START ENTRIES SUPPLIED

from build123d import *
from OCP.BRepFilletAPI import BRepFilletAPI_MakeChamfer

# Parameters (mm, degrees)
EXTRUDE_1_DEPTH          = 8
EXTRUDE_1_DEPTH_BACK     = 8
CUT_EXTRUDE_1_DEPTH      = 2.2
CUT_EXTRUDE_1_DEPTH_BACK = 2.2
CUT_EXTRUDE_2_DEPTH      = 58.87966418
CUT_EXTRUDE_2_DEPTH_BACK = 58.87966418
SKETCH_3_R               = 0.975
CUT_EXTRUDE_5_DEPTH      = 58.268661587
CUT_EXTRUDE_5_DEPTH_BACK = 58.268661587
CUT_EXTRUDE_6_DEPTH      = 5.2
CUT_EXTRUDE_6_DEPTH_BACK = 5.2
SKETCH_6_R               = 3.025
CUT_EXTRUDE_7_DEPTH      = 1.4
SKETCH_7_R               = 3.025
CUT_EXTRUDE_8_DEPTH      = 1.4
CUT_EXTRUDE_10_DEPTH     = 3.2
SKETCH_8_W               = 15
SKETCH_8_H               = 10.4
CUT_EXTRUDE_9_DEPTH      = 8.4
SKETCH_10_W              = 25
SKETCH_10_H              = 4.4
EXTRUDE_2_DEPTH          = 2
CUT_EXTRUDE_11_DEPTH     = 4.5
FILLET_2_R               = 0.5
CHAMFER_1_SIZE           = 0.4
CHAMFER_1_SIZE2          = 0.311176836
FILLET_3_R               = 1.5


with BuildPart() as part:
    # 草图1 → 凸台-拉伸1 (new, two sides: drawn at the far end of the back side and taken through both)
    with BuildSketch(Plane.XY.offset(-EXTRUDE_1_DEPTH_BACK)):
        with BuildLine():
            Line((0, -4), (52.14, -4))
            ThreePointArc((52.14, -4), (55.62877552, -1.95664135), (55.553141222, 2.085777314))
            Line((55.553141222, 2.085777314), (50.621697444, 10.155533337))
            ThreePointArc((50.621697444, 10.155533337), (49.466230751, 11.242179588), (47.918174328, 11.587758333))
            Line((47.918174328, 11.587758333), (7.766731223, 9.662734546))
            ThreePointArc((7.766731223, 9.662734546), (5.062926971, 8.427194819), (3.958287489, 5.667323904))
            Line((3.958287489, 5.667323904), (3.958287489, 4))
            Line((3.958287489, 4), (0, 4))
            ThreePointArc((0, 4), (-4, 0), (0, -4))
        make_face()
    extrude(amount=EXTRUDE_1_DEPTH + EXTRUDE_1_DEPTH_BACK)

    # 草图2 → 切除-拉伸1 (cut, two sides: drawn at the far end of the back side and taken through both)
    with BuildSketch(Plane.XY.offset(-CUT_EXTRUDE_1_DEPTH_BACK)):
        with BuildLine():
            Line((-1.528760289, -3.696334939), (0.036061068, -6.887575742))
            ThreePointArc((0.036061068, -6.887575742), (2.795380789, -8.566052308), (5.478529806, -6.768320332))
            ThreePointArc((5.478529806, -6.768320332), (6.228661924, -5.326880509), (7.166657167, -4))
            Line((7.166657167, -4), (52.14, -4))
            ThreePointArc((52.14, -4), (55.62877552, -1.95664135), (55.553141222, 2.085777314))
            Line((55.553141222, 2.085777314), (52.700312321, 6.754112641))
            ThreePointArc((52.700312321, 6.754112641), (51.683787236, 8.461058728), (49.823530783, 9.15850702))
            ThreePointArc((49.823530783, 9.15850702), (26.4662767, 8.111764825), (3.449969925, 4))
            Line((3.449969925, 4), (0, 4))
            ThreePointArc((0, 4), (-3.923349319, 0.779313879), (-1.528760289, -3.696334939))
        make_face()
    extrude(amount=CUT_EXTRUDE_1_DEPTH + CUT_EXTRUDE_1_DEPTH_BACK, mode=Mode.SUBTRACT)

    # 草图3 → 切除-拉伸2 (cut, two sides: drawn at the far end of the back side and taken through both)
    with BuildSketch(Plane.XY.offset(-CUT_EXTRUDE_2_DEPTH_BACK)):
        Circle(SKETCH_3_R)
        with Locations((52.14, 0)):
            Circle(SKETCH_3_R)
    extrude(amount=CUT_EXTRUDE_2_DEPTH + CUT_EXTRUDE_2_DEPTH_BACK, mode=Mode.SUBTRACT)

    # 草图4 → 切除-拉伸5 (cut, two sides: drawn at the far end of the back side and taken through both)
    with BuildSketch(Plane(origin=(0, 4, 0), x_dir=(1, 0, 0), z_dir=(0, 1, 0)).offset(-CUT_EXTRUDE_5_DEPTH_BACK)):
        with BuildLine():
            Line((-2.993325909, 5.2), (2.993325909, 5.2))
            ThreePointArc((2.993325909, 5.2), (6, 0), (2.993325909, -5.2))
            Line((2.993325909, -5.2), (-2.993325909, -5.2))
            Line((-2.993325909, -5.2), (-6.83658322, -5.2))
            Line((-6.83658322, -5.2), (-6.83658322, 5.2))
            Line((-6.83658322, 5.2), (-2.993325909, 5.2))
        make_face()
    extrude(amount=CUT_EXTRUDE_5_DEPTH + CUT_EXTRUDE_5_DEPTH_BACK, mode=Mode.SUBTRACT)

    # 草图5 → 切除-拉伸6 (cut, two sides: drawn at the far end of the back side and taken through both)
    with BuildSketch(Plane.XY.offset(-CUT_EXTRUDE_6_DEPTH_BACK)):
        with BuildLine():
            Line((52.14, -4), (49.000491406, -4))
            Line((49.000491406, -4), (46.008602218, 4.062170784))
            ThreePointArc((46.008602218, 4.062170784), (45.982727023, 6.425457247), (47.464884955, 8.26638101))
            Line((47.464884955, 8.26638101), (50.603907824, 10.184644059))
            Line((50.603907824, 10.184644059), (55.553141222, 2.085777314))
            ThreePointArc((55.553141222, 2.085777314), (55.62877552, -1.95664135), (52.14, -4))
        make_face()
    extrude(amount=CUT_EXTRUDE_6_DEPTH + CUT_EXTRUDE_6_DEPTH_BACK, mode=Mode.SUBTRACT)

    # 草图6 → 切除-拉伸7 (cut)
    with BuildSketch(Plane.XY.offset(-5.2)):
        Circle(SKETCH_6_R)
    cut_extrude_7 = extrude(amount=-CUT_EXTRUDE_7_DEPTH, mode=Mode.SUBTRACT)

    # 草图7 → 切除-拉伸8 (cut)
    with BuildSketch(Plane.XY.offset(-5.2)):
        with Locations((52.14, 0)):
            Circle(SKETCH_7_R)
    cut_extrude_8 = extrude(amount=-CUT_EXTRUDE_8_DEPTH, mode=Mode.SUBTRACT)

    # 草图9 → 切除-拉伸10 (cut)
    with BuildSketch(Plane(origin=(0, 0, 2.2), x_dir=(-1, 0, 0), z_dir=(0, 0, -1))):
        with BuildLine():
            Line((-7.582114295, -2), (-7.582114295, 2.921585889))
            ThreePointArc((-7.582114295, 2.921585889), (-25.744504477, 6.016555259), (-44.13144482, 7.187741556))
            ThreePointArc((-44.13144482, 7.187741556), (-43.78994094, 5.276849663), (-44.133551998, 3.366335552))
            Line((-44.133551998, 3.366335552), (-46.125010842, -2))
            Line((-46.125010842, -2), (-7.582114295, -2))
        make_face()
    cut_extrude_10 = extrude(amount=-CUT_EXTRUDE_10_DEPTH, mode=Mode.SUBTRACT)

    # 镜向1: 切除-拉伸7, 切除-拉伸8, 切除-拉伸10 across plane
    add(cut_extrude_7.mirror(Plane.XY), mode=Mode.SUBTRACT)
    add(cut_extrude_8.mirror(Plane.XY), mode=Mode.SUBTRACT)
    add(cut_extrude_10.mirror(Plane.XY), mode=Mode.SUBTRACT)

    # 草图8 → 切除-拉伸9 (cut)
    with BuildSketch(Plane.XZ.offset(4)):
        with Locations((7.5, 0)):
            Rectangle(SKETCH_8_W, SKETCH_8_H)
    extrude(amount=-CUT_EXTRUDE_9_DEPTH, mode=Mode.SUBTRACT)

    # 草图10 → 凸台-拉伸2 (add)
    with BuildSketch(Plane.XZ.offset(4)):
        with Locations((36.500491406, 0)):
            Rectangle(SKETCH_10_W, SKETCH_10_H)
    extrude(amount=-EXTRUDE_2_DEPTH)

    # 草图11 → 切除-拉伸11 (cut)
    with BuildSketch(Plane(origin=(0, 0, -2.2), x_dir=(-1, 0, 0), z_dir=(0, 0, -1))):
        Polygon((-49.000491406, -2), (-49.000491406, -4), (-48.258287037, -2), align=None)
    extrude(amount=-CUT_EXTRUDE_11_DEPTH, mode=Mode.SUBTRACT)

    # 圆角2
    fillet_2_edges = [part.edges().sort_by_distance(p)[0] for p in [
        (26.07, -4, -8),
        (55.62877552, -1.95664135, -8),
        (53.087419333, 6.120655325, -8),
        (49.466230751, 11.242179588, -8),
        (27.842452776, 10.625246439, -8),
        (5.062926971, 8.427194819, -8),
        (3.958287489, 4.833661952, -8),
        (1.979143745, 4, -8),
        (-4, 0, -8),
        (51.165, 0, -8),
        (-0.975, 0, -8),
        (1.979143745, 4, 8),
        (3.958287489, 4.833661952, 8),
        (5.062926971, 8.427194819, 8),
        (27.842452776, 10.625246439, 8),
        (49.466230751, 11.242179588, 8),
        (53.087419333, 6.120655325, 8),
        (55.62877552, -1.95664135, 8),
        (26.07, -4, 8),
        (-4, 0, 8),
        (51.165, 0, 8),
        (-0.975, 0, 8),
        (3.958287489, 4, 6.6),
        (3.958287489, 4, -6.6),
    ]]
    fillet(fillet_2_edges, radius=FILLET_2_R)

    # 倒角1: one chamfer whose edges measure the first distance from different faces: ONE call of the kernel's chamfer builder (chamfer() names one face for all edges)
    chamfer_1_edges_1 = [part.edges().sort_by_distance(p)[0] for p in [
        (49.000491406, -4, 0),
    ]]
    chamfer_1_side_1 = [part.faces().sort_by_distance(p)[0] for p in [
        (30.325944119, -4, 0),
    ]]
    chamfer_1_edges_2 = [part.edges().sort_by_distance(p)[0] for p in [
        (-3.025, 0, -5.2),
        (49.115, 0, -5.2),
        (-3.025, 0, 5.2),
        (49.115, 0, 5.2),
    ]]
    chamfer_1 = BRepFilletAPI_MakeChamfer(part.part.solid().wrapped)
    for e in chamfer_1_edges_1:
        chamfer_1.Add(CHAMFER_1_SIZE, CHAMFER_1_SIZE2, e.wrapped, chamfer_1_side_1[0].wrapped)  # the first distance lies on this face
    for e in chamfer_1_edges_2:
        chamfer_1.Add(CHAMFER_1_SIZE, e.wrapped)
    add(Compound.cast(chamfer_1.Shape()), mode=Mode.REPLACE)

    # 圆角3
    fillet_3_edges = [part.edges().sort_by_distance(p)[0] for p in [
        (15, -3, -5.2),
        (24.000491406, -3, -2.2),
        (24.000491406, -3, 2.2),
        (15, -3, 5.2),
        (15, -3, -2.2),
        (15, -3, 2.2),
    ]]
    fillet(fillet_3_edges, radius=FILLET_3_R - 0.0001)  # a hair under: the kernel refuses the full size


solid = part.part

END ENTRIES SUPPLIED

WHAT TO WORK ON ▸ Show all lines above holding "through".

TASK RESPONSE ▸
    # 草图1 → 凸台-拉伸1 (new, two sides: drawn at the far end of the back side and taken through both)
    # 草图2 → 切除-拉伸1 (cut, two sides: drawn at the far end of the back side and taken through both)
    # 草图3 → 切除-拉伸2 (cut, two sides: drawn at the far end of the back side and taken through both)
    # 草图4 → 切除-拉伸5 (cut, two sides: drawn at the far end of the back side and taken through both)
    # 草图5 → 切除-拉伸6 (cut, two sides: drawn at the far end of the back side and taken through both)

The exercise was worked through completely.